Highlights From CapitaCommercial Trust’s Latest Quarterly Results

CapitaCommercial Trust

CapitaCommercial Trust (SGX: C61U) (or CCT for short) released its second quarter results on Friday.

The real estate investment trust, which owns commercial real estate such as Capital Tower, Six Battery Road, One George Street, and a major interest in Raffles City Singapore, is part of CapitaLand (SGX: C31), one of the largest real estate companies in this region; both the trust and its parent are constituents of the Straits Times Index (SGX: ^STI).

For the quarter, CCT’s gross revenue was at S$65.8 million, a rise of 3.2% over the previous year. The increase was on the back of higher revenue contribution from all properties except for One George Street.

Net property income went up by 3.5% to S$52 million while distributable income to unitholders was at S$64.1 million, some 7.6% higher compared to a year ago mainly due to lower interest expenses, higher net property income, higher distributable income from Raffles City Singapore, and release of retained tax-exempt income distribution from Quill Capita Trust (QCT). QCT is a commercial REIT listed in Malaysia with a portfolio of 10 commercial properties in the country and is 30% owned by CCT.

CCT’s distribution per unit (DPU) rose 5.3% to 2.18 Singapore cents from 2.07 Singapore cents a year ago. This translates to a distribution yield of 4.9% for CCT, taking into account the latest DPU and the DPU of the previous three quarters.

Mr Kee Teck Koon, Chairman of the Manager of CCT, commented on the latest results:

“CCT has delivered a strong set of results in the first half of 2014, with a higher DPU largely generated from positive rent reversions and savings from lower interest expense. CCT’s balance sheet is robust with a low gearing of 28.8% [compared to 30% seen in the previous quarter]. 80% of our total borrowings are on fixed interest rates which minimises the impact of any interest rate increases. The Trust has debt headroom of S$1.3 billion for investment opportunities, assuming gearing increases from 28.8% to 40.0%.”

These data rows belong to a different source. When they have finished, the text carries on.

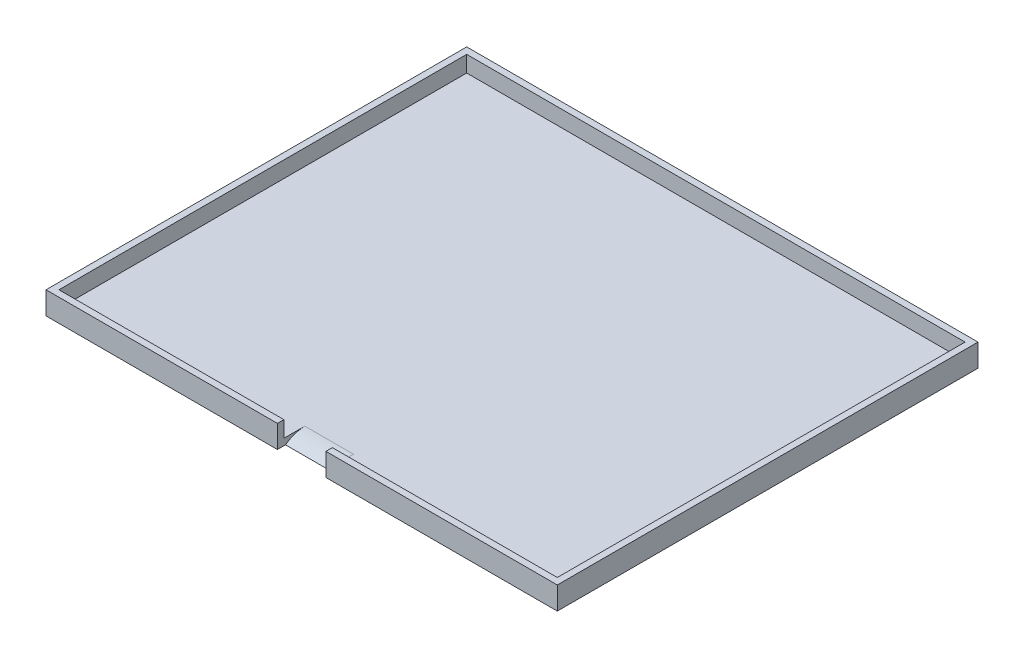
from build123d import *

# Parameters (mm, degrees)
ESQUISSE1_W             = 79
ESQUISSE1_H             = 65
BOSS_EXTRU_1_DEPTH      = 3.5
ESQUISSE2_W             = 77
ESQUISSE2_H             = 63
ENL_V_MAT_EXTRU_1_DEPTH = 2.5
ESQUISSE3_W             = 7.5
ESQUISSE3_H             = 7.5
ENL_V_MAT_EXTRU_2_DEPTH = 1.25
CONG_1_R                = 5


with BuildPart() as part:
    # Esquisse1 → Boss.-Extru.1 (new body)
    with BuildSketch(Plane(origin=(0, 0, 0), x_dir=(1, 0, 0), z_dir=(0, 1, 0))):
        Rectangle(ESQUISSE1_W, ESQUISSE1_H)
    extrude(amount=BOSS_EXTRU_1_DEPTH)

    # Esquisse2 → Enlèv. mat.-Extru.1 (cut)
    with BuildSketch(Plane(origin=(0, 3.5, 0), x_dir=(1, 0, 0), z_dir=(0, 1, 0))):
        Rectangle(ESQUISSE2_W, ESQUISSE2_H)
    extrude(amount=-ENL_V_MAT_EXTRU_1_DEPTH, mode=Mode.SUBTRACT)

    # Esquisse3 → Enlèv. mat.-Extru.2 (cut)
    with BuildSketch(Plane.XY.offset(32.5)):
        with Locations((0, 1.75)):
            Rectangle(ESQUISSE3_W, ESQUISSE3_H)
    extrude(amount=-ENL_V_MAT_EXTRU_2_DEPTH, mode=Mode.SUBTRACT)

    # Congé1
    # the kernel refuses this fillet: 5 mm, written as the material it takes off along each edge
    with BuildSketch(Plane(origin=(-3.75, 1, 31.25), x_dir=(0, -1, 0), z_dir=(1, 0, 0))) as cong_1_piece_1:
        with BuildLine():
            CenterArc((5, 3), CONG_1_R, 180, 36.869897646)
            Line((0, 3), (-0.1, 3))
            Line((-0.1, 3), (-0.1, 0))
            Line((-0.1, 0), (0, -0.1))
            ThreePointArc((0, -0.1), (0.5, -0.1), (0.92, -0.06))
            Line((0.92, -0.06), (1, 0))
        make_face()
    extrude(amount=7.5, mode=Mode.SUBTRACT)


solid = part.part
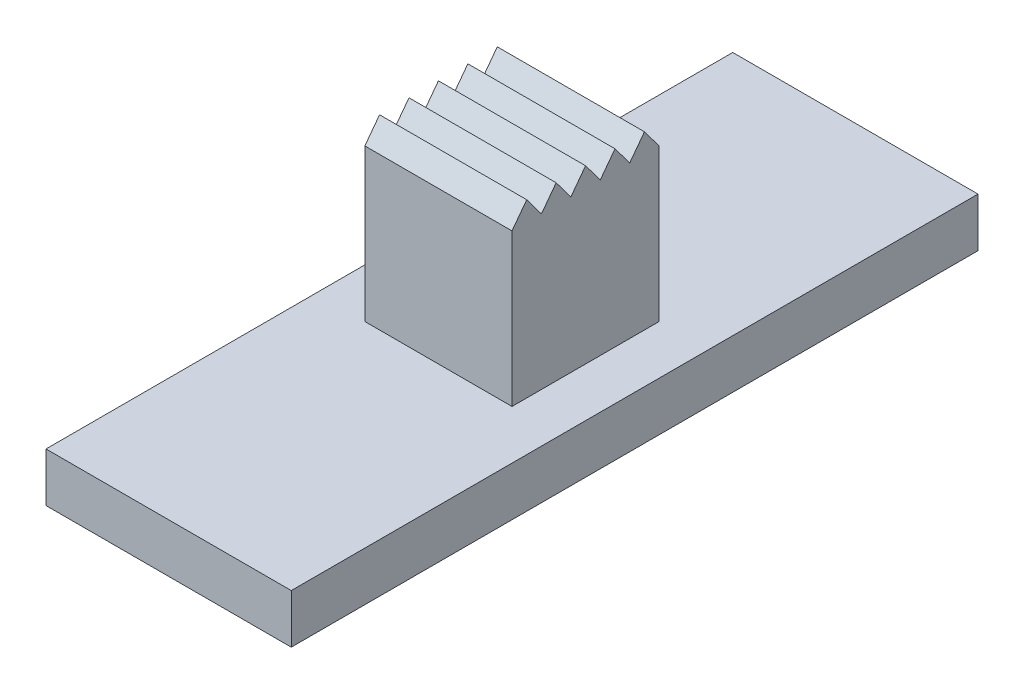
from build123d import *

# Parameters (mm, degrees)
BOSS_EXTRU_1_DEPTH      = 1.5
BOSS_EXTRU_1_DEPTH_BACK = 1.5
ESQUISSE2_W             = 14
ESQUISSE2_H             = 1
BOSS_EXTRU_2_DEPTH      = 1


with BuildPart() as part:
    # Esquisse1 → Boss.-Extru.1 (new, two sides: drawn at the far end of the back side and taken through both)
    with BuildSketch(Plane(origin=(0, 0, 0), x_dir=(0, 0, -1), z_dir=(1, 0, 0)).offset(-BOSS_EXTRU_1_DEPTH_BACK)):
        Polygon((-7, 0), (-1.5, 0), (-1.5, 3.1), (-1.2, 3.5), (-0.9, 3.1), (-0.6, 3.5), (-0.3, 3.1), (0, 3.5), (0.3, 3.1), (0.6, 3.5), (0.9, 3.1), (1.2, 3.5), (1.5, 3.1), (1.5, 0), (7, 0), (7, -1), (-7, -1), align=None)
    extrude(amount=BOSS_EXTRU_1_DEPTH + BOSS_EXTRU_1_DEPTH_BACK)

    # Esquisse2 → Boss.-Extru.2 (add)
    with BuildSketch(Plane(origin=(1.5, 0, 0), x_dir=(0, 0, -1), z_dir=(1, 0, 0))):
        with Locations((0, -0.5)):
            Rectangle(ESQUISSE2_W, ESQUISSE2_H)
    boss_extru_2 = extrude(amount=BOSS_EXTRU_2_DEPTH)

    # Symétrie1: Boss.-Extru.2 across plane
    add(boss_extru_2.mirror(Plane(origin=(0, 0, 0), x_dir=(0, 0, 1), z_dir=(1, 0, 0))))


solid = part.part

As of 30 June 2014, CCT’s portfolio occupancy rate was at 99.4%, above the market occupancy rate of 95.8%. Meanwhile, the total value of the properties under CCT’s stable, excluding its joint-venture interests in Raffles City Singapore and CapitaGreen (more on the latter property is discussed below), is S$4.84 billion. This is an increase of 1.4%, or S$68.9 million, from the total property value seen on 31 December 2013. If the REIT’s 60% interest in Raffles City, 40% interest in CapitaGreen, and other assets were included, its total property value would be worth S$7.3 billion at the end of the quarter, a slight increase of 1.8% from the end of 2013.

The REIT also ended the quarter with a net asset value of S$1.67 per unit after adjusting for distributions to unitholders; there’s been no growth in the trust’s adjusted book value since 31 December 2013.

Coming back to CapitaGreen, a Grade A office tower that’s under development, it’s slated for completion by the end of the year. Once done, it will be an additional source of income for the trust. Currently, the total lease commitments for the building are at 23% of its net lettable area. CCT feels that the new property “should attract continued leasing interest especially given the lack of new office supply in 2015 through to the first half of 2016”.

Capital Tower is currently undergoing asset enhancement initiatives (AEI) and that should all be done by the end of next year. The property has secured 100% committed occupancy as of 30 June 2014. Over at Raffles City Tower, AEI commenced at the end of 2012 and it concluded as scheduled this quarter; the return on investment of 9.3% for the improvement works to the building was higher than the 8.6% that was targeted by CCT’s Manager.

Going forward, office leases which contribute 19% of the REIT’s portfolio gross rental income will be due for renewal next year and this gives potential upside to the REIT’s earnings.

CCT closed at $1.71 on Friday and is trading at a trailing price-to-book ratio of 1.